Josh Lipsky, quien dirige el rastreador global de CBDC del grupo de expertos en asuntos internacionales Atlantic Council, dice que si bien la prohibición de Trump tendrá poco impacto a nivel nacional dado que la Reserva Federal nunca ha mostrado un apetito real por un dólar digital «minorista», sigue siendo un golpe. «El impacto más significativo de la orden ejecutiva es la señal que envía al resto del mundo», dijo Lipsky. «Esto le dice a Europa que tiene el campo de juego para establecer estándares de privacidad y ciberseguridad a través del euro digital».
Las «monedas estables» respaldadas por dólares probablemente se convertirán en dólares digitales de facto en el futuro previsible, añadió.
Mientras tanto, «China puede ir a otros países y decir que Estados Unidos no está involucrado en esa tecnología que a usted le interesa, pero nosotros sí y somos líderes».
LA DIVISIÓN SE ABRE
La señal anti-dólar digital de Trump, quien en cambio favorece las criptomonedas y quiere una reserva nacional de criptomonedas, llega exactamente en el momento en que parece estar abriéndose una brecha geopolítica en torno a las CBDC. En octubre hubo una conmoción cuando el Banco de Pagos Internacionales (BPI), el organismo del banco central que supervisa gran parte de su trabajo de desarrollo global, abandonó repentinamente el proyecto insignia «mBridge» en el que había estado colaborando con China, Hong Kong y varias otras economías en desarrollo.
Además de la cuestión de la privacidad, la nueva orden ejecutiva de Trump, El documento cita las amenazas que un dólar digital podría representar para la soberanía estadounidense y la estabilidad del sistema financiero.
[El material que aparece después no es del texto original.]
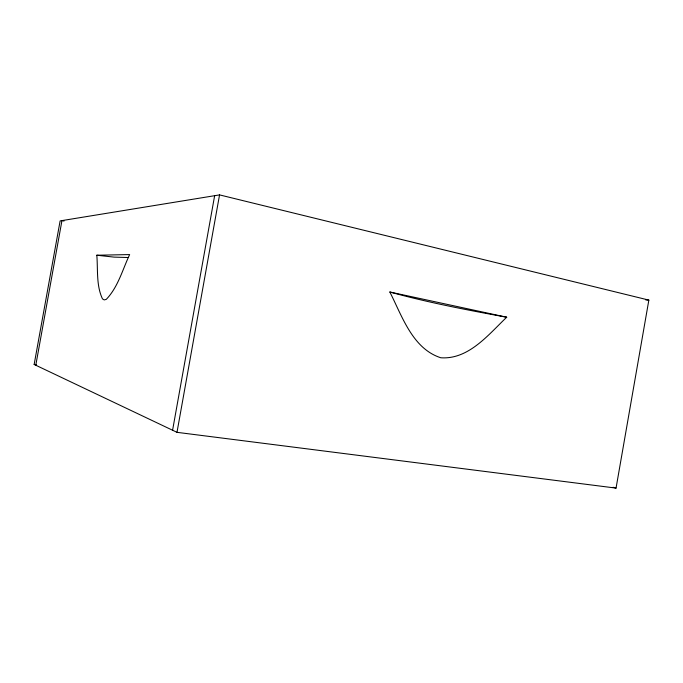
<?xml version="1.0" encoding="UTF-8"?>
<svg xmlns="http://www.w3.org/2000/svg" width="683" height="683" viewBox="0 0 683 683"><rect width="100%" height="100%" fill="white"/><g stroke="black" fill="none" stroke-linecap="round" stroke-linejoin="round"><path stroke-width="1.02" d="M616.049 488.106L648.85 300.11L219.55 194.894L60.121 220.899L34.15 364.457L176.991 432.33L616.049 488.106L613.146 487.278M172.586 430.23L214.641 195.697M176.991 432.33L219.55 194.894M35.789 365.234L61.957 220.6L64.04 221.053M506.701 317.219C488.507 334.55 468.623 359.728 440.817 357.772C412.481 348.689 402.108 316.067 389.831 292.008L506.701 317.219C467.505 310.065 428.275 302.595 389.831 292.008M128.165 257.525L114.061 257.115L96.815 255.229C98.01 269.691 96.124 285.468 102.484 298.889L104.209 299.914L106.249 299.385C118.057 287.15 122.522 269.674 129.642 254.58L96.815 255.229M645.836 299.974L648.85 300.11M34.15 364.457L36.259 364.773"/></g></svg>

Ahora prohíbe a las agencias estadounidenses «tomar cualquier medida para establecer, emitir o promover monedas digitales de bancos centrales». Lewis McLellan, del Foro Oficial de Instituciones Monetarias y Financieras (OMFIF), con sede en Londres, dijo que esto efectivamente «pone un último clavo en el ataúd de una moneda digital del banco central estadounidense».
También alimenta la narrativa de la «desdolarización». Marcos Viriato, cuya firma Parfin está ayudando a desarrollar la CBDC brasileña DREX, cree que la medida estadounidense no impedirá que otros sigan adelante con sus propios planes, pero sí contribuirá a avivar las dudas que existen desde hace tiempo sobre la libertad con la que interactuarán las CBDC. Muchos están ahora esperando a ver qué sucede con otro proyecto del BIS llamado Agora . A diferencia de mBridge, está dominado por los bancos centrales occidentales del G7, incluida la Reserva Federal de Nueva York.
Ni la Reserva Federal de Nueva York, ni el BIS ni los principales bancos comerciales estadounidenses que participan en Agora, como JPMorgan y Citi, han comentado sus planes. Pero dada la postura firme de Trump, McLellan de OMFIF se pregunta cómo se desarrollarán las cosas. «Esto corre el riesgo de devaluar seriamente estos proyectos, dado que el dólar juega un papel enormemente importante en los mercados financieros», dijo. La única manera de que Agora y sus similares puedan seguir adelante sin la presencia de la Reserva Federal sería incorporando masivamente «monedas estables», que están vinculadas uno a uno al dólar. Sin embargo, McLellan afirmó que eso «requeriría un cambio importante».